We need to find $\frac{3}{5}$ of $55.
$$
\frac{3}{5} \times 55 = \frac{3 \times 55}{5} = \frac{165}{5} = 33
$$
✔ Answer: $33
---
##### b. He spends $15 on snacks. What fraction of the money was spent on snacks?
Total money = $55
Spent on snacks = $15
Fraction spent on snacks:
$$
\frac{15}{55} = \frac{3}{11} \quad \text{(simplify by dividing numerator and denominator by 5)}
$$
✔ Answer: $\frac{3}{11}$
---
##### c. His wife wanted him to bring $\frac{2}{11}$ more to the cinema. How much did his wife want him to bring to the cinema?
He brought $55. She wants him to bring $\frac{2}{11}$ more than that.
So, calculate $\frac{2}{11}$ of $55$:
$$
\frac{2}{11} \times 55 = \frac{2 \times 55}{11} = \frac{110}{11} = 10
$$
So, she wants him to bring an additional $10, meaning total would be:
$$
55 + 10 = 65
$$
But the question says: *"How much did his wife want him to bring?"* — this means the total amount she wanted him to bring.
✔ Answer: $65
---
#### 2) The following diagram shows an illustration of a USB port.
##### a. Calculate the perimeter of the USB port? Leave your answer as a mixed fraction.
Dimensions:
- Length = $\frac{9}{10}$ cm
- Width = $\frac{3}{4}$ cm
Perimeter of a rectangle = $2 \times (\text{length} + \text{width})$
First, add length and width:
$$
\frac{9}{10} + \frac{3}{4}
$$
Find common denominator: LCM of 10 and 4 is 20.
$$
\frac{9}{10} = \frac{18}{20}, \quad \frac{3}{4} = \frac{15}{20}
$$
$$
\frac{18}{20} + \frac{15}{20} = \frac{33}{20}
$$
Now multiply by 2:
$$
2 \times \frac{33}{20} = \frac{66}{20} = \frac{33}{10}
$$
Convert to mixed number:
$$
\frac{33}{10} = 3 \frac{3}{10}
$$
✔ Answer: $3 \frac{3}{10}$ cm
---
##### b. The diagram below shows the front view of a USB cable. Calculate the shaded area.
Outer rectangle:
- Length = $\frac{9}{10}$ cm
- Width = $\frac{3}{4}$ cm
Inner (unshaded) rectangle:
- Length = $\frac{1}{2}$ cm
- Width = $\frac{1}{3}$ cm
Shaded area = Area of outer rectangle − Area of inner rectangle
Area of outer rectangle:
$$
\frac{9}{10} \times \frac{3}{4} = \frac{27}{40}
$$
Area of inner rectangle:
$$
\frac{1}{2} \times \frac{1}{3} = \frac{1}{6}
$$
Now subtract:
$$
\frac{27}{40} - \frac{1}{6}
$$
Find common denominator: LCM of 40 and 6 is 120.
$$
\frac{27}{40} = \frac{81}{120}, \quad \frac{1}{6} = \frac{20}{120}
$$
$$
\frac{81}{120} - \frac{20}{120} = \frac{61}{120}
$$
✔ Answer: $\frac{61}{120}$ cm²
---
Section B – Calculator
> Given: $\frac{1}{3}$ of our life is spent sleeping.
---
#### a) If someone lives until they are 72 years old, how much of their life is spent asleep?

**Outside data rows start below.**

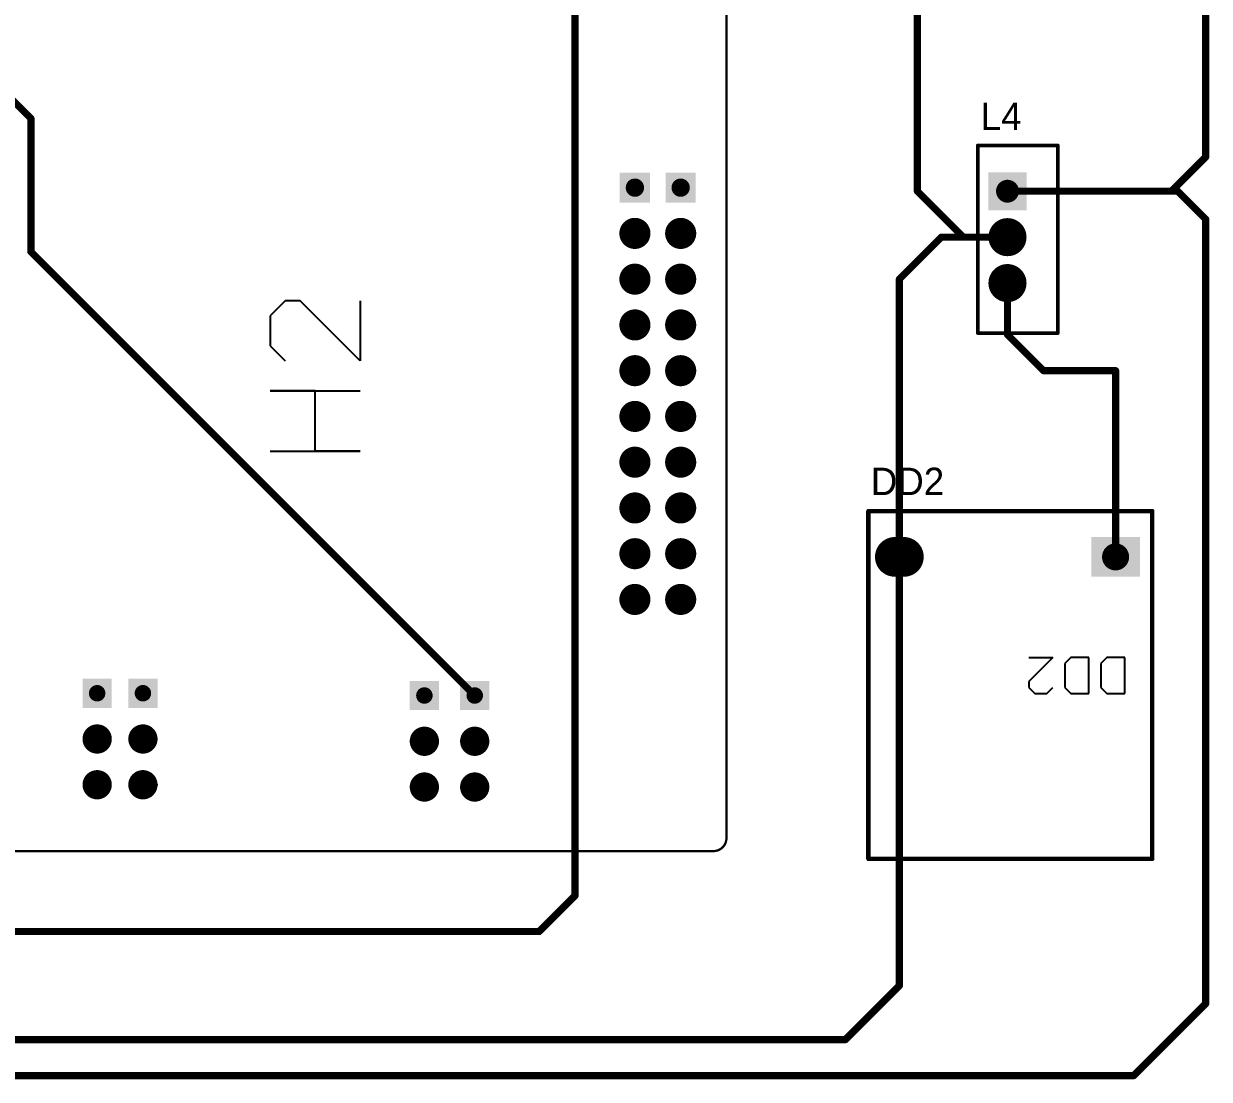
# Model space of a CAD drawing. Header units: millimetres. Extents: x 1.1 to 12.7, y 1.1 to 8.9.
# Drawn here: x 10.15 to 12.74, y 1.105 to 3.412 of the extents above; entities that cross this region are included whole.
import ezdxf

# ---------------------------------------------------------------- set-up
doc = ezdxf.new("R2010")
doc.units = ezdxf.units.MM
doc.header["$MEASUREMENT"] = 0
for name, color, linetype in [('BottomLayer', 5, 'Continuous'), ('BottomOverlay', 54, 'Continuous'), ('BottomSolder', 6, 'Continuous'), ('Mechanical29', 56, 'Continuous'), ('Mechanical8', 56, 'Continuous'), ('MultiLayer', 9, 'Continuous'), ('PadHoleLayer', 156, 'Continuous'), ('TopLayer', 1, 'Continuous'), ('TopOverlay', 2, 'Continuous'), ('TopSolder', 216, 'Continuous')]:
    doc.layers.add(name, color=color, linetype=linetype)

# ---------------------------------------------------------------- blocks, each defined once
blk = doc.blocks.new('L7805C_P_30')
at = {"layer": 'BottomLayer', "const_width": 0.0376}
for points in [[(0.0816, 0, 1), (0.1192, 0, 1)], [(0.182, 0, 1), (0.2196, 0, 1)]]:
    blk.add_lwpolyline(points, format="xyb", close=True, dxfattribs=at)
at = {"layer": 'BottomLayer'}
blk.add_solid([(-0.0376, -0.0376), (0.0376, -0.0376), (-0.0376, 0.0376), (0.0376, 0.0376)], dxfattribs=at)
at = {"layer": 'BottomSolder', "const_width": 0.0416}
for points in [[(0.0796, 0, 1), (0.1212, 0, 1)], [(0.18, 0, 1), (0.2216, 0, 1)]]:
    blk.add_lwpolyline(points, format="xyb", close=True, dxfattribs=at)
at = {"layer": 'BottomSolder'}
blk.add_solid([(-0.0416, -0.0416), (0.0416, -0.0416), (-0.0416, 0.0416), (0.0416, 0.0416)], dxfattribs=at)
at = {"layer": 'MultiLayer', "const_width": 0.0376}
for points in [[(0.0816, 0, 1), (0.1192, 0, 1)], [(0.182, 0, 1), (0.2196, 0, 1)]]:
    blk.add_lwpolyline(points, format="xyb", close=True, dxfattribs=at)
at = {"layer": 'MultiLayer'}
blk.add_solid([(-0.0376, -0.0376), (0.0376, -0.0376), (-0.0376, 0.0376), (0.0376, 0.0376)], dxfattribs=at)
at = {"layer": 'PadHoleLayer', "const_width": 0.025}
for points in [[(-0.0125, 0, 1), (0.0125, 0, 1)], [(0.0879, 0, 1), (0.1129, 0, 1)], [(0.1883, 0, 1), (0.2133, 0, 1)]]:
    blk.add_lwpolyline(points, format="xyb", close=True, dxfattribs=at)
at = {"layer": 'TopLayer', "const_width": 0.0376}
for points in [[(0.0816, 0, 1), (0.1192, 0, 1)], [(0.182, 0, 1), (0.2196, 0, 1)]]:
    blk.add_lwpolyline(points, format="xyb", close=True, dxfattribs=at)
at = {"layer": 'TopLayer'}
blk.add_solid([(-0.0376, -0.0376), (0.0376, -0.0376), (-0.0376, 0.0376), (0.0376, 0.0376)], dxfattribs=at)
at = {"layer": 'TopOverlay', "const_width": 0.00787}
for points in [[(-0.1, -0.065), (-0.1, 0.11)], [(0.31, 0.11), (-0.1, 0.11)], [(0.31, -0.065), (0.31, 0.11)], [(0.31, -0.065), (-0.1, -0.065)]]:
    blk.add_lwpolyline(points, dxfattribs=at)
at = {"layer": 'TopOverlay', "const_width": 0.00394}
for points in [[(-0.102, 0.11, 1), (-0.098, 0.11, 1)], [(-0.102, 0.11, 1), (-0.098, 0.11, 1)], [(0.308, 0.11, 1), (0.312, 0.11, 1)], [(0.308, 0.11, 1), (0.312, 0.11, 1)], [(-0.102, -0.065, 1), (-0.098, -0.065, 1)], [(-0.102, -0.065, 1), (-0.098, -0.065, 1)], [(0.308, -0.065, 1), (0.312, -0.065, 1)], [(0.308, -0.065, 1), (0.312, -0.065, 1)]]:
    blk.add_lwpolyline(points, format="xyb", close=True, dxfattribs=at)
at = {"layer": 'TopSolder', "const_width": 0.0416}
for points in [[(0.0796, 0, 1), (0.1212, 0, 1)], [(0.18, 0, 1), (0.2216, 0, 1)]]:
    blk.add_lwpolyline(points, format="xyb", close=True, dxfattribs=at)
at = {"layer": 'TopSolder'}
blk.add_solid([(-0.0416, -0.0416), (0.0416, -0.0416), (-0.0416, 0.0416), (0.0416, 0.0416)], dxfattribs=at)
blk = doc.blocks.new('HERCULES_35')
at = {"layer": 'BottomLayer'}
for points, const_width in [([(-1.8584, 0.3749, 1), (-1.8304, 0.3749, 1)], 0.028), ([(-1.7584, 0.3749, 1), (-1.7304, 0.3749, 1)], 0.028), ([(-1.8459, 0.3749, 1), (-1.8429, 0.3749, 1)], 0.003), ([(-1.8459, 0.3599, 1), (-1.8429, 0.3599, 1)], 0.003), ([(-1.8584, 0.2749, 1), (-1.8304, 0.2749, 1)], 0.028), ([(-1.7584, 0.2749, 1), (-1.7304, 0.2749, 1)], 0.028), ([(-1.8459, 0.2749, 1), (-1.8429, 0.2749, 1)], 0.003), ([(-1.8459, 0.2449, 1), (-1.8429, 0.2449, 1)], 0.003), ([(-1.8634, -0.3401, 1), (-1.8354, -0.3401, 1)], 0.028), ([(-1.7634, -0.3401, 1), (-1.7354, -0.3401, 1)], 0.028), ([(-1.8634, -0.4501, 1), (-1.8354, -0.4501, 1)], 0.028), ([(-1.7634, -0.4501, 1), (-1.7354, -0.4501, 1)], 0.028), ([(-1.4544, -0.8001, 1), (-1.4244, -0.8001, 1)], 0.03), ([(-1.3544, -0.8001, 1), (-1.3244, -0.8001, 1)], 0.03), ([(-1.2544, -0.8001, 1), (-1.2244, -0.8001, 1)], 0.03), ([(-1.1544, -0.8001, 1), (-1.1244, -0.8001, 1)], 0.03), ([(-1.0544, -0.8001, 1), (-1.0244, -0.8001, 1)], 0.03), ([(-0.9544, -0.8001, 1), (-0.9244, -0.8001, 1)], 0.03), ([(-0.8544, -0.8001, 1), (-0.8244, -0.8001, 1)], 0.03), ([(-0.7544, -0.8001, 1), (-0.7244, -0.8001, 1)], 0.03), ([(-0.6544, -0.8001, 1), (-0.6244, -0.8001, 1)], 0.03), ([(-1.4544, -0.9001, 1), (-1.4244, -0.9001, 1)], 0.03), ([(-1.3544, -0.9001, 1), (-1.3244, -0.9001, 1)], 0.03), ([(-1.2544, -0.9001, 1), (-1.2244, -0.9001, 1)], 0.03), ([(-1.1544, -0.9001, 1), (-1.1244, -0.9001, 1)], 0.03), ([(-1.0544, -0.9001, 1), (-1.0244, -0.9001, 1)], 0.03), ([(-0.9544, -0.9001, 1), (-0.9244, -0.9001, 1)], 0.03), ([(-0.8544, -0.9001, 1), (-0.8244, -0.9001, 1)], 0.03), ([(-0.7544, -0.9001, 1), (-0.7244, -0.9001, 1)], 0.03), ([(-0.6544, -0.9001, 1), (-0.6244, -0.9001, 1)], 0.03)]:
    blk.add_lwpolyline(points, format="xyb", close=True, dxfattribs=dict(at, const_width=const_width))
at = {"layer": 'BottomLayer', "const_width": 0.006}
for points in [[(-1.8444, 0.3749), (-1.8444, 0.3599)], [(-1.8444, 0.2749), (-1.8444, 0.2449)]]:
    blk.add_lwpolyline(points, dxfattribs=at)
at = {"layer": 'BottomLayer'}
for points in [[(-1.6164, 0.3469), (-1.6164, 0.4029), (-1.6724, 0.3469), (-1.6724, 0.4029)], [(-1.6164, 0.2469), (-1.6164, 0.3029), (-1.6724, 0.2469), (-1.6724, 0.3029)], [(-1.6214, -0.3681), (-1.6214, -0.3121), (-1.6774, -0.3681), (-1.6774, -0.3121)], [(-1.6214, -0.4781), (-1.6214, -0.4221), (-1.6774, -0.4781), (-1.6774, -0.4221)], [(-0.5104, -0.8291), (-0.5104, -0.771), (-0.5685, -0.8291), (-0.5685, -0.771)], [(-0.5104, -0.9291), (-0.5104, -0.871), (-0.5685, -0.9291), (-0.5685, -0.871)]]:
    blk.add_solid(points, dxfattribs=at)
at = {"layer": 'BottomOverlay', "const_width": 0.005}
for points in [[(-1.9894, 0.9716), (-1.9894, -0.9718)], [(-1.9611, -1.0001), (1.6823, -1.0001)]]:
    blk.add_lwpolyline(points, dxfattribs=at)
at = {"layer": 'BottomOverlay', "const_width": 0.0025}
for points in [[(-1.9907, -0.9718, 1), (-1.9882, -0.9718, 1)], [(-1.9907, -0.9718, 1), (-1.9882, -0.9718, 1)], [(-1.9624, -1.0001, 1), (-1.9599, -1.0001, 1)], [(-1.9624, -1.0001, 1), (-1.9599, -1.0001, 1)]]:
    blk.add_lwpolyline(points, format="xyb", close=True, dxfattribs=at)
at = {"layer": 'BottomOverlay', "const_width": 0.005}
blk.add_lwpolyline([(-1.9611, -1.0001, -0.414214), (-1.9894, -0.9718)], format="xyb", dxfattribs=at)
at = {"layer": 'BottomSolder'}
for points, const_width in [([(-1.8604, 0.3749, 1), (-1.8284, 0.3749, 1)], 0.032), ([(-1.7604, 0.3749, 1), (-1.7284, 0.3749, 1)], 0.032), ([(-1.8604, 0.2749, 1), (-1.8284, 0.2749, 1)], 0.032), ([(-1.7604, 0.2749, 1), (-1.7284, 0.2749, 1)], 0.032), ([(-1.8654, -0.3401, 1), (-1.8334, -0.3401, 1)], 0.032), ([(-1.7654, -0.3401, 1), (-1.7334, -0.3401, 1)], 0.032), ([(-1.8654, -0.4501, 1), (-1.8334, -0.4501, 1)], 0.032), ([(-1.7654, -0.4501, 1), (-1.7334, -0.4501, 1)], 0.032), ([(-1.4564, -0.8001, 1), (-1.4224, -0.8001, 1)], 0.034), ([(-1.3564, -0.8001, 1), (-1.3224, -0.8001, 1)], 0.034), ([(-1.2564, -0.8001, 1), (-1.2224, -0.8001, 1)], 0.034), ([(-1.1564, -0.8001, 1), (-1.1224, -0.8001, 1)], 0.034), ([(-1.0564, -0.8001, 1), (-1.0224, -0.8001, 1)], 0.034), ([(-0.9564, -0.8001, 1), (-0.9224, -0.8001, 1)], 0.034), ([(-0.8564, -0.8001, 1), (-0.8224, -0.8001, 1)], 0.034), ([(-0.7564, -0.8001, 1), (-0.7224, -0.8001, 1)], 0.034), ([(-0.6564, -0.8001, 1), (-0.6224, -0.8001, 1)], 0.034), ([(-1.4564, -0.9001, 1), (-1.4224, -0.9001, 1)], 0.034), ([(-1.3564, -0.9001, 1), (-1.3224, -0.9001, 1)], 0.034), ([(-1.2564, -0.9001, 1), (-1.2224, -0.9001, 1)], 0.034), ([(-1.1564, -0.9001, 1), (-1.1224, -0.9001, 1)], 0.034), ([(-1.0564, -0.9001, 1), (-1.0224, -0.9001, 1)], 0.034), ([(-0.9564, -0.9001, 1), (-0.9224, -0.9001, 1)], 0.034), ([(-0.8564, -0.9001, 1), (-0.8224, -0.9001, 1)], 0.034), ([(-0.7564, -0.9001, 1), (-0.7224, -0.9001, 1)], 0.034), ([(-0.6564, -0.9001, 1), (-0.6224, -0.9001, 1)], 0.034)]:
    blk.add_lwpolyline(points, format="xyb", close=True, dxfattribs=dict(at, const_width=const_width))
for points in [[(-1.6124, 0.3429), (-1.6124, 0.4069), (-1.6764, 0.3429), (-1.6764, 0.4069)], [(-1.6124, 0.2429), (-1.6124, 0.3069), (-1.6764, 0.2429), (-1.6764, 0.3069)], [(-1.6174, -0.3721), (-1.6174, -0.3081), (-1.6814, -0.3721), (-1.6814, -0.3081)], [(-1.6174, -0.4821), (-1.6174, -0.4181), (-1.6814, -0.4821), (-1.6814, -0.4181)], [(-0.5064, -0.8331), (-0.5064, -0.767), (-0.5725, -0.8331), (-0.5725, -0.767)], [(-0.5064, -0.9331), (-0.5064, -0.867), (-0.5725, -0.9331), (-0.5725, -0.867)]]:
    blk.add_solid(points, dxfattribs=at)
at = {"layer": 'Mechanical29'}
for p, q in [((-1.115, -0.0032), (-1.115, -0.2)), ((-0.9838, -0.1016), (-0.9838, -0.0032)), ((-0.9838, -0.0032), (-0.9838, -0.2)), ((-0.8854, -0.0032), (-0.9182, -0.036)), ((-0.8198, -0.0032), (-0.8854, -0.0032)), ((-0.787, -0.036), (-0.8198, -0.0032)), ((-0.787, -0.0688), (-0.787, -0.036)), ((-0.9182, -0.2), (-0.787, -0.0688)), ((-1.115, -0.2), (-1.115, -0.1016)), ((-1.115, -0.1016), (-0.9838, -0.1016)), ((-0.787, -0.2), (-0.9182, -0.2))]:
    blk.add_line(p, q, dxfattribs=at)
for points, const_width in [([(-1.9894, 0.9716), (-1.9894, -0.9718)], 0.005), ([(-0.9394, -0.7951), (-0.9444, -0.8001)], 0.006), ([(-0.9394, -0.7951), (-0.9394, -0.8001)], 0.006), ([(-1.2394, -0.9001), (-1.2394, -0.9101)], 0.006), ([(-1.1544, -0.9001), (-1.1394, -0.9001)], 0.006), ([(-1.9611, -1.0001), (1.6823, -1.0001)], 0.005)]:
    blk.add_lwpolyline(points, dxfattribs=dict(at, const_width=const_width))
for points, const_width in [([(-0.9459, -0.8001, 1), (-0.9429, -0.8001, 1)], 0.003), ([(-0.9409, -0.7951, 1), (-0.9379, -0.7951, 1)], 0.003), ([(-0.9409, -0.7951, 1), (-0.9379, -0.7951, 1)], 0.003), ([(-0.9409, -0.8001, 1), (-0.9379, -0.8001, 1)], 0.003), ([(-1.2409, -0.9001, 1), (-1.2379, -0.9001, 1)], 0.003), ([(-1.1559, -0.9001, 1), (-1.1529, -0.9001, 1)], 0.003), ([(-1.1409, -0.9001, 1), (-1.1379, -0.9001, 1)], 0.003), ([(-1.2409, -0.9101, 1), (-1.2379, -0.9101, 1)], 0.003), ([(-1.9907, -0.9718, 1), (-1.9882, -0.9718, 1)], 0.0025), ([(-1.9907, -0.9718, 1), (-1.9882, -0.9718, 1)], 0.0025), ([(-1.9624, -1.0001, 1), (-1.9599, -1.0001, 1)], 0.0025), ([(-1.9624, -1.0001, 1), (-1.9599, -1.0001, 1)], 0.0025)]:
    blk.add_lwpolyline(points, format="xyb", close=True, dxfattribs=dict(at, const_width=const_width))
at = {"layer": 'Mechanical29', "const_width": 0.005}
blk.add_lwpolyline([(-1.9611, -1.0001, -0.414214), (-1.9894, -0.9718)], format="xyb", dxfattribs=at)
at = {"layer": 'Mechanical8'}
for p, q in [((-1.4294, -0.7901), (-1.4494, -0.7901)), ((-1.4494, -0.7901), (-1.4494, -0.8101)), ((-1.4294, -0.8101), (-1.4294, -0.7901)), ((-1.3294, -0.7901), (-1.3494, -0.7901)), ((-1.3494, -0.7901), (-1.3494, -0.8101)), ((-1.3294, -0.8101), (-1.3294, -0.7901)), ((-1.2294, -0.7901), (-1.2494, -0.7901)), ((-1.2494, -0.7901), (-1.2494, -0.8101)), ((-1.2294, -0.8101), (-1.2294, -0.7901)), ((-1.1294, -0.7901), (-1.1494, -0.7901)), ((-1.1494, -0.7901), (-1.1494, -0.8101)), ((-1.1294, -0.8101), (-1.1294, -0.7901)), ((-0.9294, -0.7901), (-0.9494, -0.7901)), ((-0.9494, -0.7901), (-0.9494, -0.8101)), ((-0.9294, -0.8101), (-0.9294, -0.7901)), ((-0.8294, -0.7901), (-0.8494, -0.7901)), ((-0.8494, -0.7901), (-0.8494, -0.8101)), ((-0.8294, -0.8101), (-0.8294, -0.7901)), ((-0.7294, -0.7901), (-0.7494, -0.7901)), ((-0.7494, -0.7901), (-0.7494, -0.8101)), ((-0.7294, -0.8101), (-0.7294, -0.7901)), ((-0.6294, -0.7901), (-0.6494, -0.7901)), ((-0.6494, -0.7901), (-0.6494, -0.8101)), ((-0.6294, -0.8101), (-0.6294, -0.7901)), ((-0.5294, -0.7901), (-0.5494, -0.7901)), ((-0.5494, -0.7901), (-0.5494, -0.8101)), ((-0.5294, -0.8101), (-0.5294, -0.7901)), ((-1.4494, -0.8101), (-1.4294, -0.8101)), ((-1.3494, -0.8101), (-1.3294, -0.8101)), ((-1.2494, -0.8101), (-1.2294, -0.8101)), ((-1.1494, -0.8101), (-1.1294, -0.8101)), ((-0.9494, -0.8101), (-0.9294, -0.8101)), ((-0.8494, -0.8101), (-0.8294, -0.8101)), ((-0.7494, -0.8101), (-0.7294, -0.8101)), ((-0.6494, -0.8101), (-0.6294, -0.8101)), ((-0.5494, -0.8101), (-0.5294, -0.8101)), ((-1.4294, -0.8901), (-1.4494, -0.8901)), ((-1.4494, -0.8901), (-1.4494, -0.9101)), ((-1.4294, -0.9101), (-1.4294, -0.8901)), ((-1.3294, -0.8901), (-1.3494, -0.8901)), ((-1.3494, -0.8901), (-1.3494, -0.9101)), ((-1.3294, -0.9101), (-1.3294, -0.8901)), ((-1.2294, -0.8901), (-1.2494, -0.8901)), ((-1.2494, -0.8901), (-1.2494, -0.9101)), ((-1.2294, -0.9101), (-1.2294, -0.8901)), ((-1.1294, -0.8901), (-1.1494, -0.8901)), ((-1.1494, -0.8901), (-1.1494, -0.9101)), ((-1.1294, -0.9101), (-1.1294, -0.8901)), ((-1.0294, -0.8901), (-1.0494, -0.8901)), ((-1.0494, -0.8901), (-1.0494, -0.9101)), ((-1.0294, -0.9101), (-1.0294, -0.8901)), ((-0.9294, -0.8901), (-0.9494, -0.8901)), ((-0.9494, -0.8901), (-0.9494, -0.9101)), ((-0.9294, -0.9101), (-0.9294, -0.8901)), ((-0.8294, -0.8901), (-0.8494, -0.8901)), ((-0.8494, -0.8901), (-0.8494, -0.9101)), ((-0.8294, -0.9101), (-0.8294, -0.8901)), ((-0.7294, -0.8901), (-0.7494, -0.8901)), ((-0.7494, -0.8901), (-0.7494, -0.9101)), ((-0.7294, -0.9101), (-0.7294, -0.8901)), ((-0.6294, -0.8901), (-0.6494, -0.8901)), ((-0.6494, -0.8901), (-0.6494, -0.9101)), ((-0.6294, -0.9101), (-0.6294, -0.8901)), ((-0.5294, -0.8901), (-0.5494, -0.8901)), ((-0.5494, -0.8901), (-0.5494, -0.9101)), ((-0.5294, -0.9101), (-0.5294, -0.8901)), ((-1.4494, -0.9101), (-1.4294, -0.9101)), ((-1.3494, -0.9101), (-1.3294, -0.9101)), ((-1.2494, -0.9101), (-1.2294, -0.9101)), ((-1.1494, -0.9101), (-1.1294, -0.9101)), ((-1.0494, -0.9101), (-1.0294, -0.9101)), ((-0.9494, -0.9101), (-0.9294, -0.9101)), ((-0.8494, -0.9101), (-0.8294, -0.9101)), ((-0.7494, -0.9101), (-0.7294, -0.9101)), ((-0.6494, -0.9101), (-0.6294, -0.9101)), ((-0.5494, -0.9101), (-0.5294, -0.9101))]:
    blk.add_line(p, q, dxfattribs=at)
at = {"layer": 'MultiLayer', "const_width": 0.03}
for points in [[(-1.4544, -0.8001, 1), (-1.4244, -0.8001, 1)], [(-1.3544, -0.8001, 1), (-1.3244, -0.8001, 1)], [(-1.2544, -0.8001, 1), (-1.2244, -0.8001, 1)], [(-1.1544, -0.8001, 1), (-1.1244, -0.8001, 1)], [(-1.0544, -0.8001, 1), (-1.0244, -0.8001, 1)], [(-0.9544, -0.8001, 1), (-0.9244, -0.8001, 1)], [(-0.8544, -0.8001, 1), (-0.8244, -0.8001, 1)], [(-0.7544, -0.8001, 1), (-0.7244, -0.8001, 1)], [(-0.6544, -0.8001, 1), (-0.6244, -0.8001, 1)], [(-1.4544, -0.9001, 1), (-1.4244, -0.9001, 1)], [(-1.3544, -0.9001, 1), (-1.3244, -0.9001, 1)], [(-1.2544, -0.9001, 1), (-1.2244, -0.9001, 1)], [(-1.1544, -0.9001, 1), (-1.1244, -0.9001, 1)], [(-1.0544, -0.9001, 1), (-1.0244, -0.9001, 1)], [(-0.9544, -0.9001, 1), (-0.9244, -0.9001, 1)], [(-0.8544, -0.9001, 1), (-0.8244, -0.9001, 1)], [(-0.7544, -0.9001, 1), (-0.7244, -0.9001, 1)], [(-0.6544, -0.9001, 1), (-0.6244, -0.9001, 1)]]:
    blk.add_lwpolyline(points, format="xyb", close=True, dxfattribs=at)
at = {"layer": 'PadHoleLayer'}
for points, const_width in [([(-1.8534, 0.3749, 1), (-1.8354, 0.3749, 1)], 0.018), ([(-1.7534, 0.3749, 1), (-1.7354, 0.3749, 1)], 0.018), ([(-1.6534, 0.3749, 1), (-1.6354, 0.3749, 1)], 0.018), ([(-1.8534, 0.2749, 1), (-1.8354, 0.2749, 1)], 0.018), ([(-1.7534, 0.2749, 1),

$\frac{1}{3}$ of 72 years:
$$
\frac{1}{3} \times 72 = 24
$$
✔ Answer: 24 years
---
#### b) A newborn baby spends approximately 15 hours asleep each day for the first month and then 16 hours each day for the next two months. As a fraction, how much of a 3-month year old’s life has been spent asleep (where 1 month = 4 weeks)?
Assume:
- 1 month = 4 weeks
- 1 week = 7 days → so 1 month = $4 \times 7 = 28$ days
- 3 months = $3 \times 28 = 84$ days
Now calculate total sleep time:
- First month: 15 hours/day × 28 days = $15 \times 28 = 420$ hours
- Next two months: 16 hours/day × 56 days = $16 \times 56 = 896$ hours
Total sleep = $420 + 896 = 1316$ hours
Total time in 3 months = $84$ days × $24$ hours/day = $2016$ hours
Fraction of life spent asleep:
$$
\frac{1316}{2016}
$$
Simplify:
Divide numerator and denominator by 4:
$$
\frac{1316 \div 4}{2016 \div 4} = \frac{329}{504}
$$
Check if reducible: GCD of 329 and 504?
Try dividing:
- 329 ÷ 7 = 47
- 504 ÷ 7 = 72
Yes! So:
$$
\frac{329}{504} = \frac{47}{72}
$$
✔ Answer: $\frac{47}{72}$
---
#### c) Julian works too hard. He gets $\frac{2}{7}$ less sleep than the recommended amount of 8 hours a day. How much sleep does Julian lose each week compared to what is recommended?
Recommended sleep per day: 8 hours
Julian gets $\frac{2}{7}$ less than 8 hours.
So, daily sleep loss:
$$
\frac{2}{7} \times 8 = \frac{16}{7} \text{ hours per day}
$$
Weekly loss (7 days):
$$
7 \times \frac{16}{7} = 16 \text{ hours}
$$
✔ Answer: 16 hours
---
✔ Final Answers Summary:
#### Section A
1a) $33
1b) $\frac{3}{11}$
1c) $65
2a) $3 \frac{3}{10}$ cm
2b) $\frac{61}{120}$ cm²
#### Section B
a) 24 years
b) $\frac{47}{72}$
c) 16 hours
Let me know if you'd like these formatted neatly for printing or review!
Parent Tip: Review the logic above to help your child master the concept of fraction word problems 5th grade worksheet.